Hey its Mady!  You posted on my thread about my first bow kill and how you got yours recently too.  You had a great shot.  I'm going to leave today to go hunting for four days.  My sister is going too.  I hope that she can get her first deer or a hog with a rifle.  CONGRATS agian!!!!!!!!


----------



## deerhunter5611 (Oct 12, 2011)

Thanks! Congrats to you too!!!


----------



## ted_BSR (Oct 12, 2011)

Great job! I have been hunting with my Dad for 30 years. The best times of my life were spent in the woods.

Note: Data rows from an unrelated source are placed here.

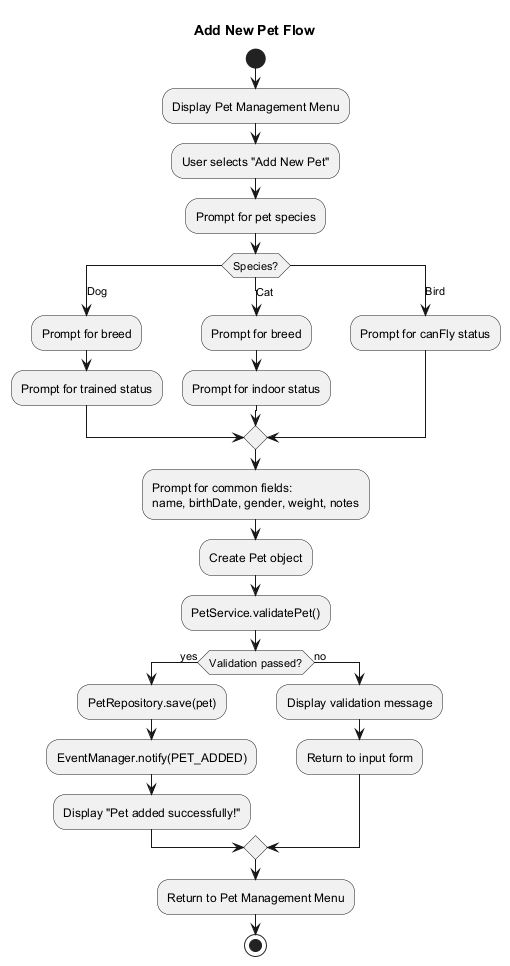

The diagram above was rendered by PlantUML. Its source (embedded in the PNG):
@startuml ActivityAddPet
title Add New Pet Flow

start

:Display Pet Management Menu;
:User selects "Add New Pet";

:Prompt for pet species;

switch (Species?)
case (Dog)
    :Prompt for breed;
    :Prompt for trained status;
case (Cat)
    :Prompt for breed;
    :Prompt for indoor status;
case (Bird)
    :Prompt for canFly status;
endswitch

:Prompt for common fields:\nname, birthDate, gender, weight, notes;

:Create Pet object;

:PetService.validatePet();

if (Validation passed?) then (yes)
    :PetRepository.save(pet);
    :EventManager.notify(PET_ADDED);
    :Display "Pet added successfully!";
else (no)
    :Display validation message;
    :Return to input form;
endif

:Return to Pet Management Menu;

stop

@enduml

I have never made a bow kill!!! Congrats!!!!


----------



## deerhunter5611 (Oct 12, 2011)

Hunting with your dad is always fun and it gives you great memories to look back on when you are older.


----------



## AlanShort (Oct 12, 2011)

That's awesome. Congrats!


----------



## mmwiley1040 (Oct 13, 2011)

awesome brother. My daughter shot her first deer with her diamond razor sept 24, 2011. We sent you a friend request. Madeline is a hunting freak. We are going out bow hunting this morning in south georgia. Good work dad believe me i know how proud you are. Your having a hard time standing up with that swollen head. Keep it up get more kids involved.


----------



## deerhunter5611 (Oct 13, 2011)

Thanks! Good luck and tell me how you did.


----------



## jharman (Dec 16, 2011)

nice


----------